What do people think of this forgotten opera and, more tragically, the forgotten composer Hans Pfitzner himself?






On 16 February 1962, the day before he died, Bruno Walter ended his last letter with: "Despite all the dark experiences of today I am still confident that Palestrina will remain. The work has all the elements of immortality". When I first heard it, I was deeply moved on how human it was, and the subject of the opera interested me greatly. I would go see it, but I'm not sure if it gets premiered in America very often; most often in German operahouses. Has anyone heard it live? What do they think?

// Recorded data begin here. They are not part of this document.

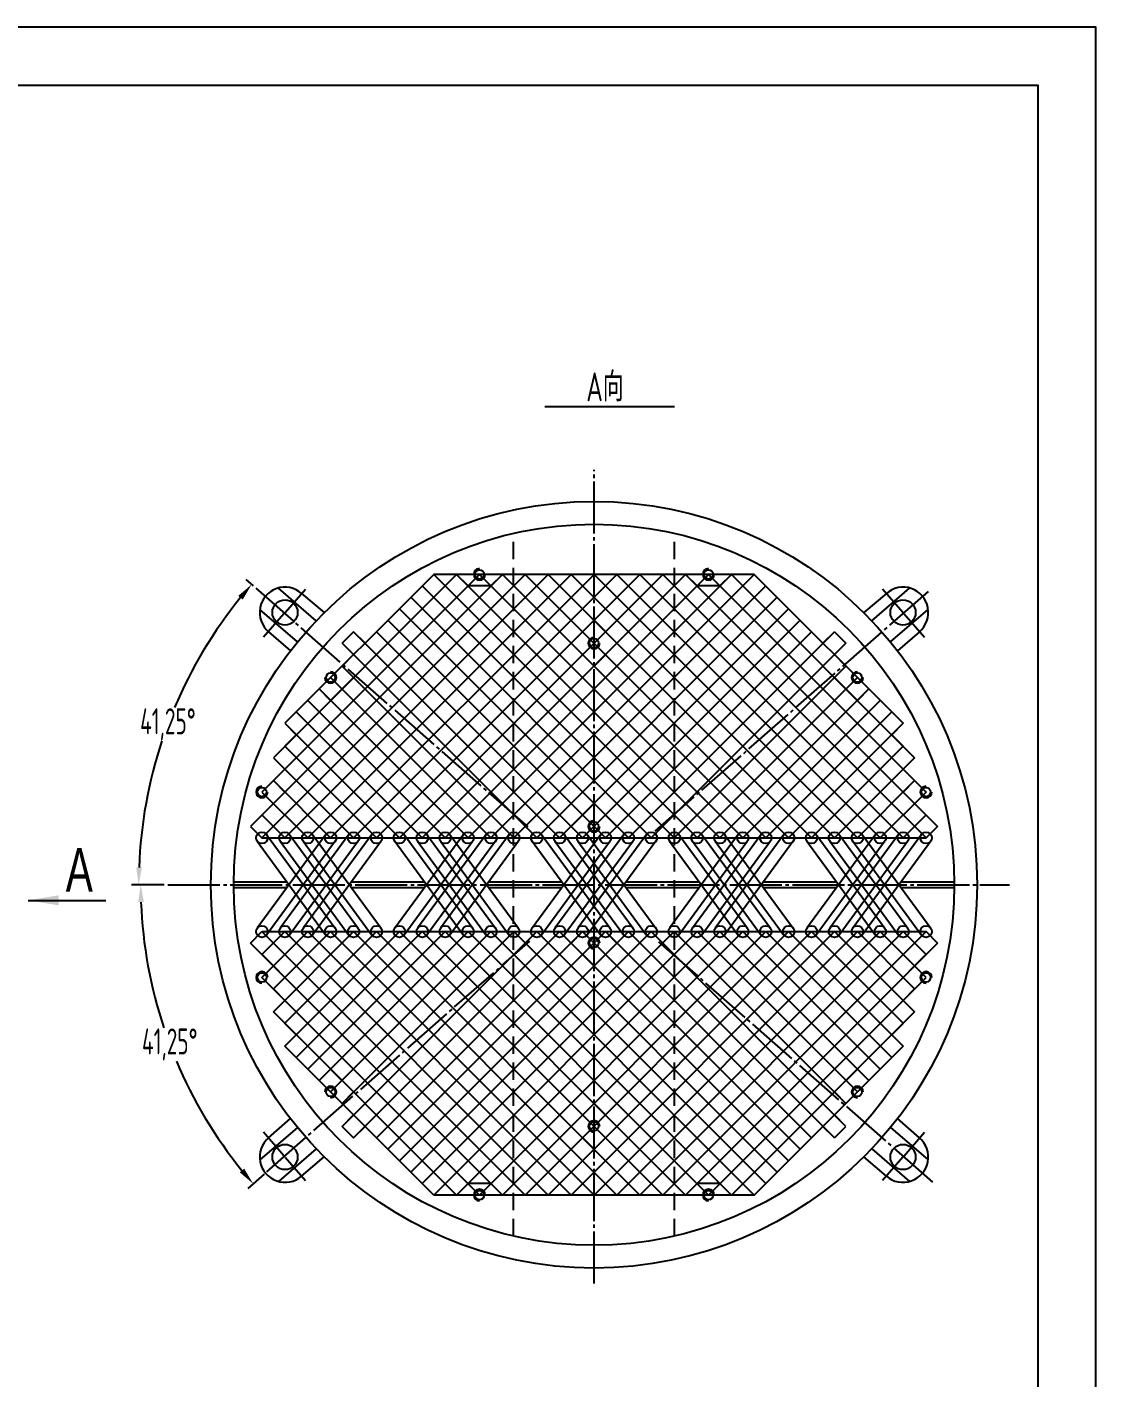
# Model space of a CAD drawing. Header units: millimetres. Extents: x 46644 to 124135, y -32003 to -3110.
# Drawn here: x 53207 to 55055, y -17823 to -15488 of the extents above; entities that cross this region are included whole.
import ezdxf
from ezdxf.enums import TextEntityAlignment as Align

# ---------------------------------------------------------------- set-up
doc = ezdxf.new("R2010")
doc.units = ezdxf.units.MM
doc.header["$LTSCALE"] = 6
for name, pattern in [('CENTER', [18, 15, -1, 1, -1]), ('DASHED', [0.75, 0.5, -0.25]), ('PHANTOM', [2.5, 1.25, -0.25, 0.25, -0.25, 0.25, -0.25])]:
    doc.linetypes.add(name, pattern=pattern)
for name, color, linetype in [('1', 1, 'Continuous'), ('2', 3, 'CENTER'), ('4', 6, 'PHANTOM'), ('6_das', 6, 'DASHED'), ('7_dim', 3, 'Continuous'), ('粗实线', 4, 'Continuous')]:
    doc.layers.add(name, color=color, linetype=linetype)
doc.styles.add('HZ', font='ascii.shx', dxfattribs={"width": 0.7, "bigfont": 'hztxt.shx'})
doc.styles.add('mark', font='cc.shx', dxfattribs={"width": 0.7, "bigfont": 'dxfs.shx'})
doc.styles.add('SCEI', font='sceie.shx', dxfattribs={"width": 0.75, "bigfont": 'sceic.shx'})
doc.dimstyles.new('15.1', dxfattribs={"dimscale": 15, "dimtxt": 4.5, "dimasz": 3.5, "dimexe": 1, "dimexo": 0, "dimgap": 0.1, "dimtad": 1, "dimzin": 9, "dimdsep": 46, "dimtxsty": 'HZ', "dimcen": 0, "dimclrd": 256, "dimclre": 256, "dimclrt": 256, "dimadec": 0, "dimazin": 0, "dimtfac": 1, "dimtmove": 1, "dimatfit": 1, "dimfxl": 0, "dimarcsym": 0})
doc.dimstyles.new('5-1', dxfattribs={"dimscale": 10, "dimtxt": 4.5, "dimasz": 3, "dimexe": 1.25, "dimexo": 0.625, "dimtad": 1, "dimtih": 1, "dimtoh": 1, "dimtxsty": 'HZ', "dimcen": 2.5, "dimadec": 0, "dimazin": 0, "dimtfac": 1, "dimtmove": 0, "dimatfit": 3, "dimfxl": 0, "dimarcsym": 0})

# ---------------------------------------------------------------- blocks, each defined once
blk = doc.blocks.new('*D233')
at = {"layer": '7_dim', "color": 0, "lineweight": -2}
for p, q in [((53598.3, -16453.9), (53585.9, -16443.1)), ((53444, -16970.4), (53387.4, -16970.4))]:
    blk.add_line(p, q, dxfattribs=at)
for start, end in [(140.9299, 157.1199), (161.5934, 177.8163)]:
    blk.add_arc((54187.1, -16970.4), 787.2, start, end, dxfattribs=at)
at = {"layer": '7_dim', "color": 0}
for points in [[(53572.1, -16471.1), (53579.8, -16477.5), (53595.3, -16451.4)], [(53405.5, -16940.5), (53395.5, -16940.3), (53399.9, -16970.4)]]:
    blk.add_solid(points, dxfattribs=at)
at = {"layer": 'Defpoints', "color": 0}
for p in [(53603, -16458.1), (53488.9, -16606.9), (53450.3, -16970.4), (54905.7, -16970.4), (54773.2, -17484.5)]:
    blk.add_point(p, dxfattribs=at)
at = {"layer": '7_dim', "color": 0, "insert": (53450.4, -16693.1), "char_height": 45, "attachment_point": 5, "style": 'HZ'}
blk.add_mtext('41,25°', dxfattribs=at)
blk = doc.blocks.new('*D234')
at = {"layer": '7_dim', "color": 0, "lineweight": -2}
for p, q in [((53444, -16970.4), (53390.9, -16970.4)), ((53616.7, -17470.7), (53588.5, -17495.5))]:
    blk.add_line(p, q, dxfattribs=at)
for start, end in [(182.1929, 198.3939), (202.8861, 219.054)]:
    blk.add_arc((54187.2, -16970.4), 783.9, start, end, dxfattribs=at)
at = {"layer": '7_dim', "color": 0}
for points in [[(53398.9, -17000.5), (53408.9, -17000.3), (53403.4, -16970.4)], [(53582.3, -17461.1), (53574.7, -17467.5), (53597.9, -17487.2)]]:
    blk.add_solid(points, dxfattribs=at)
at = {"layer": 'Defpoints', "color": 0}
for p in [(54765.5, -16463.4), (53450.3, -16970.4), (54905.7, -16970.4), (53425.8, -17156.7), (53621.4, -17466.5)]:
    blk.add_point(p, dxfattribs=at)
at = {"layer": '7_dim', "color": 0, "insert": (53453.6, -17246.5), "char_height": 45, "attachment_point": 5, "style": 'HZ'}
blk.add_mtext('41,25°', dxfattribs=at)

msp = doc.modelspace()

# ---------------------------------------------------------------- linework, layer by layer
at = {"color": 2, "linetype": 'Continuous', "ltscale": 50}
msp.add_lwpolyline([(46649.629, -21448.081), (55055.295, -21448.081), (55055.295, -15487.978), (46649.629, -15487.978), (46649.629, -21448.081)], close=True, dxfattribs=at)
at = {"layer": '1'}
for p, q in [((54028.842, -16434.038), (53593.265, -16869.616)), ((54068.44, -16434.038), (53613.064, -16889.415)), ((53989.244, -16434.038), (53613.064, -16810.219)), ((53949.647, -16434.038), (53632.863, -16750.822)), ((54108.038, -16434.038), (53652.662, -16889.415)), ((53910.049, -16434.038), (53652.662, -16691.425)), ((54147.636, -16434.038), (53692.26, -16889.415)), ((54187.234, -16434.038), (53731.858, -16889.415)), ((54226.832, -16434.038), (53771.456, -16889.415)), ((54266.43, -16434.038), (53811.054, -16889.415)), ((54306.028, -16434.038), (53850.652, -16889.415)), ((54345.626, -16434.038), (53890.25, -16889.415)), ((53910.049, -16434.038), (54365.425, -16889.415)), ((54385.224, -16434.038), (53929.848, -16889.415)), ((53949.647, -16434.038), (54405.023, -16889.415)), ((54424.822, -16434.038), (53969.445, -16889.415)), ((53989.244, -16434.038), (54444.621, -16889.415)), ((54464.42, -16434.038), (54009.043, -16889.415)), ((54028.842, -16434.038), (54484.219, -16889.415)), ((54068.44, -16434.038), (54523.817, -16889.415)), ((54108.038, -16434.038), (54563.415, -16889.415)), ((54147.636, -16434.038), (54603.013, -16889.415)), ((54187.234, -16434.038), (54642.611, -16889.415)), ((54226.832, -16434.038), (54682.209, -16889.415)), ((54266.43, -16434.038), (54721.807, -16889.415)), ((54306.028, -16434.038), (54761.405, -16889.415)), ((54345.626, -16434.038), (54781.204, -16869.616)), ((54385.224, -16434.038), (54761.405, -16810.219)), ((54424.822, -16434.038), (54741.606, -16750.822)), ((54464.42, -16434.038), (54721.807, -16691.425)), ((53890.25, -16453.837), (54325.827, -16889.415)), ((54484.219, -16453.837), (54048.641, -16889.415)), ((53870.451, -16473.636), (54286.229, -16889.415)), ((54504.018, -16473.636), (54088.239, -16889.415)), ((53850.652, -16493.435), (54246.631, -16889.415)), ((54523.817, -16493.435), (54127.837, -16889.415)), ((53830.853, -16513.234), (54207.033, -16889.415)), ((54543.616, -16513.234), (54167.435, -16889.415)), ((53751.657, -16552.832), (54088.239, -16889.415)), ((53771.456, -16533.033), (54127.837, -16889.415)), ((53811.054, -16533.033), (54167.435, -16889.415)), ((54563.415, -16533.033), (54207.033, -16889.415)), ((54603.013, -16533.033), (54246.631, -16889.415)), ((54622.812, -16552.832), (54286.229, -16889.415)), ((54603.013, -16533.033), (54622.812, -16552.832)), ((53751.657, -16592.43), (54048.641, -16889.415)), ((54622.812, -16592.43), (54325.827, -16889.415)), ((53731.858, -16612.229), (54009.043, -16889.415)), ((54642.611, -16612.229), (54365.425, -16889.415)), ((53712.059, -16632.028), (53969.445, -16889.415)), ((54662.41, -16632.028), (54405.023, -16889.415)), ((53692.26, -16651.827), (53929.848, -16889.415)), ((54682.209, -16651.827), (54444.621, -16889.415)), ((53652.662, -16691.425), (53850.652, -16889.415)), ((53672.461, -16671.626), (53890.25, -16889.415)), ((54702.008, -16671.626), (54484.219, -16889.415)), ((54721.807, -16691.425), (54523.817, -16889.415)), ((53652.662, -16731.023), (53811.054, -16889.415)), ((54721.807, -16731.023), (54563.415, -16889.415)), ((53632.863, -16750.822), (53771.456, -16889.415)), ((54741.606, -16750.822), (54603.013, -16889.415)), ((53613.064, -16810.219), (53692.26, -16889.415)), ((53632.863, -16790.42), (53731.858, -16889.415)), ((54741.606, -16790.42), (54642.611, -16889.415)), ((54761.405, -16810.219), (54682.209, -16889.415)), ((53613.064, -16849.817), (53652.662, -16889.415)), ((54761.405, -16849.817), (54721.807, -16889.415)), ((53593.265, -16869.616), (53613.064, -16889.415)), ((54781.204, -16869.616), (54761.405, -16889.415)), ((53613.064, -16889.415), (54761.405, -16889.415)), ((53593.265, -17071.214), (53613.064, -17051.415)), ((54068.44, -17506.792), (53613.064, -17051.415)), ((53613.064, -17130.611), (53692.26, -17051.415)), ((53613.064, -17091.013), (53652.662, -17051.415)), ((53613.064, -17051.415), (54761.405, -17051.415)), ((53632.863, -17190.008), (53771.456, -17051.415)), ((53632.863, -17150.41), (53731.858, -17051.415)), ((54108.038, -17506.792), (53652.662, -17051.415)), ((53652.662, -17249.405), (53850.652, -17051.415)), ((53652.662, -17209.807), (53811.054, -17051.415)), ((53672.461, -17269.204), (53890.25, -17051.415)), ((54147.636, -17506.792), (53692.26, -17051.415)), ((53692.26, -17289.003), (53929.848, -17051.415)), ((53712.059, -17308.802), (53969.445, -17051.415)), ((54187.234, -17506.792), (53731.858, -17051.415)), ((53731.858, -17328.601), (54009.043, -17051.415)), ((53751.657, -17387.998), (54088.239, -17051.415)), ((53751.657, -17348.4), (54048.641, -17051.415)), ((54226.832, -17506.792), (53771.456, -17051.415)), ((53771.456, -17407.797), (54127.837, -17051.415)), ((54266.43, -17506.792), (53811.054, -17051.415)), ((53811.054, -17407.797), (54167.435, -17051.415)), ((53830.853, -17427.596), (54207.033, -17051.415)), ((53850.652, -17447.395), (54246.631, -17051.415)), ((54306.028, -17506.792), (53850.652, -17051.415)), ((53870.451, -17467.194), (54286.229, -17051.415)), ((53890.25, -17486.993), (54325.827, -17051.415)), ((54345.626, -17506.792), (53890.25, -17051.415)), ((53910.049, -17506.792), (54365.425, -17051.415)), ((54385.224, -17506.792), (53929.848, -17051.415)), ((53949.647, -17506.792), (54405.023, -17051.415)), ((54424.822, -17506.792), (53969.445, -17051.415)), ((53989.244, -17506.792), (54444.621, -17051.415)), ((54464.42, -17506.792), (54009.043, -17051.415)), ((54028.842, -17506.792), (54484.219, -17051.415)), ((54484.219, -17486.993), (54048.641, -17051.415)), ((54068.44, -17506.792), (54523.817, -17051.415)), ((54504.018, -17467.194), (54088.239, -17051.415)), ((54108.038, -17506.792), (54563.415, -17051.415)), ((54523.817, -17447.395), (54127.837, -17051.415)), ((54147.636, -17506.792), (54603.013, -17051.415)), ((54543.616, -17427.596), (54167.435, -17051.415)), ((54187.234, -17506.792), (54642.611, -17051.415)), ((54563.415, -17407.797), (54207.033, -17051.415)), ((54226.832, -17506.792), (54682.209, -17051.415)), ((54603.013, -17407.797), (54246.631, -17051.415)), ((54266.43, -17506.792), (54721.807, -17051.415)), ((54622.812, -17387.998), (54286.229, -17051.415)), ((54306.028, -17506.792), (54761.405, -17051.415)), ((54622.812, -17348.4), (54325.827, -17051.415)), ((54642.611, -17328.601), (54365.425, -17051.415)), ((54662.41, -17308.802), (54405.023, -17051.415)), ((54682.209, -17289.003), (54444.621, -17051.415)), ((54702.008, -17269.204), (54484.219, -17051.415)), ((54721.807, -17249.405), (54523.817, -17051.415)), ((54721.807, -17209.807), (54563.415, -17051.415)), ((54741.606, -17190.008), (54603.013, -17051.415)), ((54741.606, -17150.41), (54642.611, -17051.415)), ((54761.405, -17130.611), (54682.209, -17051.415)), ((54761.405, -17091.013), (54721.807, -17051.415)), ((54781.204, -17071.214), (54761.405, -17051.415)), ((54028.842, -17506.792), (53593.265, -17071.214)), ((54345.626, -17506.792), (54781.204, -17071.214)), ((53989.244, -17506.792), (53613.064, -17130.611)), ((54385.224, -17506.792), (54761.405, -17130.611)), ((53949.647, -17506.792), (53632.863, -17190.008)), ((54424.822, -17506.792), (54741.606, -17190.008)), ((53910.049, -17506.792), (53652.662, -17249.405)), ((54464.42, -17506.792), (54721.807, -17249.405)), ((54603.013, -17407.797), (54622.812, -17387.998))]:
    msp.add_line(p, q, dxfattribs=at)
for centre, start, end in [((53989.244, -16434.038), 90, 0), ((54385.224, -16434.038), 90, 0), ((54187.234, -16552.832), 90, 0), ((53731.858, -16612.229), 180, 90), ((54642.611, -16612.229), 90, 0), ((53613.064, -16810.219), 90, 0), ((54761.405, -16810.219), 90, 0), ((54187.234, -16869.616), 90, 0), ((54187.234, -17071.214), 0, 270), ((53613.064, -17130.611), 0, 270), ((54761.405, -17130.611), 0, 270), ((53731.858, -17328.601), 270, 180), ((54642.611, -17328.601), 0, 270), ((54187.234, -17387.998), 0, 270), ((53989.244, -17506.792), 0, 270), ((54385.224, -17506.792), 0, 270)]:
    msp.add_arc(centre, 10, start, end, dxfattribs=at)
at = {"layer": '2', "color": 7}
for p, q in [((54187.234, -17659.61), (54187.234, -16253.444)), ((54073.287, -16870.595), (53602.954, -16458.068)), ((54292.731, -16877.907), (54765.479, -16463.364)), ((53450.289, -16970.415), (54905.665, -16970.415)), ((53621.448, -17466.542), (54076.195, -17067.784)), ((54773.186, -17484.473), (54297.796, -17067.51))]:
    msp.add_line(p, q, dxfattribs=at)
at = {"layer": '4', "color": 4, "linetype": 'Continuous'}
msp.add_lwpolyline([(54955.017, -21342.278), (54955.017, -15588.845), (46890.818, -15588.845), (46890.818, -21342.275), (54955.19, -21342.275)], dxfattribs=at)
at = {"layer": '6_das', "ltscale": 10}
for p, q in [((54048.234, -17577.711), (54048.234, -16363.119)), ((54326.234, -17577.711), (54326.234, -16363.119))]:
    msp.add_line(p, q, dxfattribs=at)
at = {"layer": '7_dim', "color": 0, "linetype": 'Continuous', "ltscale": 100}
msp.add_line((54102.028, -16144.062), (54326.211, -16144.062), dxfattribs=at)
at = {"layer": '7_dim'}
for p, q in [((54464.42, -16434.038), (53910.049, -16434.038)), ((53751.657, -16552.832), (53771.456, -16533.033)), ((53751.657, -17387.998), (53771.456, -17407.797)), ((54464.42, -17506.792), (53910.049, -17506.792))]:
    msp.add_line(p, q, dxfattribs=at)
at = {"layer": '7_dim', "color": 7}
for p, q in [((53652.911, -16499.842), (53688.3, -16459.441)), ((54721.558, -16499.842), (54686.169, -16459.441)), ((53650.894, -16502.143), (53615.461, -16542.507)), ((54723.575, -16502.143), (54759.007, -16542.507)), ((53650.894, -17438.687), (53615.461, -17398.323)), ((54723.575, -17438.687), (54759.007, -17398.323)), ((53652.911, -17440.988), (53688.3, -17481.389)), ((54721.558, -17440.988), (54686.169, -17481.389))]:
    msp.add_line(p, q, dxfattribs=at)
at = {"layer": '粗实线'}
for p, q in [((53910.049, -16434.038), (53791.255, -16552.832)), ((53949.647, -16434.038), (53910.049, -16434.038)), ((53969.445, -16453.837), (53949.647, -16434.038)), ((54028.842, -16434.038), (54009.043, -16453.837)), ((54345.626, -16434.038), (54028.842, -16434.038)), ((54365.425, -16453.837), (54345.626, -16434.038)), ((54424.822, -16434.038), (54405.023, -16453.837)), ((54464.42, -16434.038), (54424.822, -16434.038)), ((54583.214, -16552.832), (54464.42, -16434.038)), ((53706.849, -16514.052), (53641.491, -16457.609)), ((54009.043, -16453.837), (53969.445, -16453.837)), ((54405.023, -16453.837), (54365.425, -16453.837)), ((54667.62, -16514.052), (54732.978, -16457.609)), ((53681.691, -16466.892), (53720.457, -16499.88)), ((54692.777, -16466.892), (54654.012, -16499.88)), ((53674.51, -16550.868), (53609.465, -16494.694)), ((54699.959, -16550.868), (54765.004, -16494.694)), ((53624.502, -16533.114), (53662.223, -16566.173)), ((53771.456, -16533.033), (53751.657, -16552.832)), ((53751.657, -16552.832), (53771.456, -16572.631)), ((53791.255, -16552.832), (53771.456, -16533.033)), ((54603.013, -16533.033), (54583.214, -16552.832)), ((54603.013, -16533.033), (54622.812, -16552.832)), ((54622.812, -16552.832), (54603.013, -16572.631)), ((54749.967, -16533.114), (54712.246, -16566.173)), ((53751.657, -16592.43), (53771.456, -16572.631)), ((54622.812, -16592.43), (54603.013, -16572.631)), ((53771.456, -16612.229), (53751.657, -16592.43)), ((54603.013, -16612.229), (54622.812, -16592.43)), ((53731.858, -16651.827), (53771.456, -16612.229)), ((54642.611, -16651.827), (54603.013, -16612.229)), ((53712.059, -16632.028), (53652.662, -16691.425)), ((53712.059, -16632.028), (53731.858, -16651.827)), ((54662.41, -16632.028), (54642.611, -16651.827)), ((54721.807, -16691.425), (54662.41, -16632.028)), ((53652.662, -16691.425), (53672.461, -16711.224)), ((54702.008, -16711.224), (54721.807, -16691.425)), ((53672.461, -16711.224), (53632.863, -16750.822)), ((54741.606, -16750.822), (54702.008, -16711.224)), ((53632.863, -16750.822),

And what do people think about Pfitzner himself? I've heard some of his works, and while not great, his lieder especially have a certain quality to them.


----------



## MAuer (Feb 6, 2011)

I've never heard this opera live, but I do know that it has not been forgotten among German opera houses -- a recent production starred tenor Chris Ventris. A recording from the 1960s, with an impressive cast headed by the great Fritz Wunderlich, is still available:










Your post reminds me that I should add this to my list of recordings to be purchased. In addition to Wunderlich, the cast includes Christa Ludwig, Walter Berry, Gottlob Frick, Sena Jurinac, Kurt Equiluz, Gundula Janowitz, Lucia Popp, Paul Schöffler, and (apparently) Max Lorenz -- a real embarrassment of riches!


----------



## SottoVoce (Jul 29, 2011)

thanks MAuer for answering; I've been meaning to buy a recording but I tried to find some live music on youtube just to see if I would like to it; no luck, however. I think I'll just have to take a shot on this one, wondering if anyone has actually seen in this in the opera house. Pfitzner is certainly an interesting character.


----------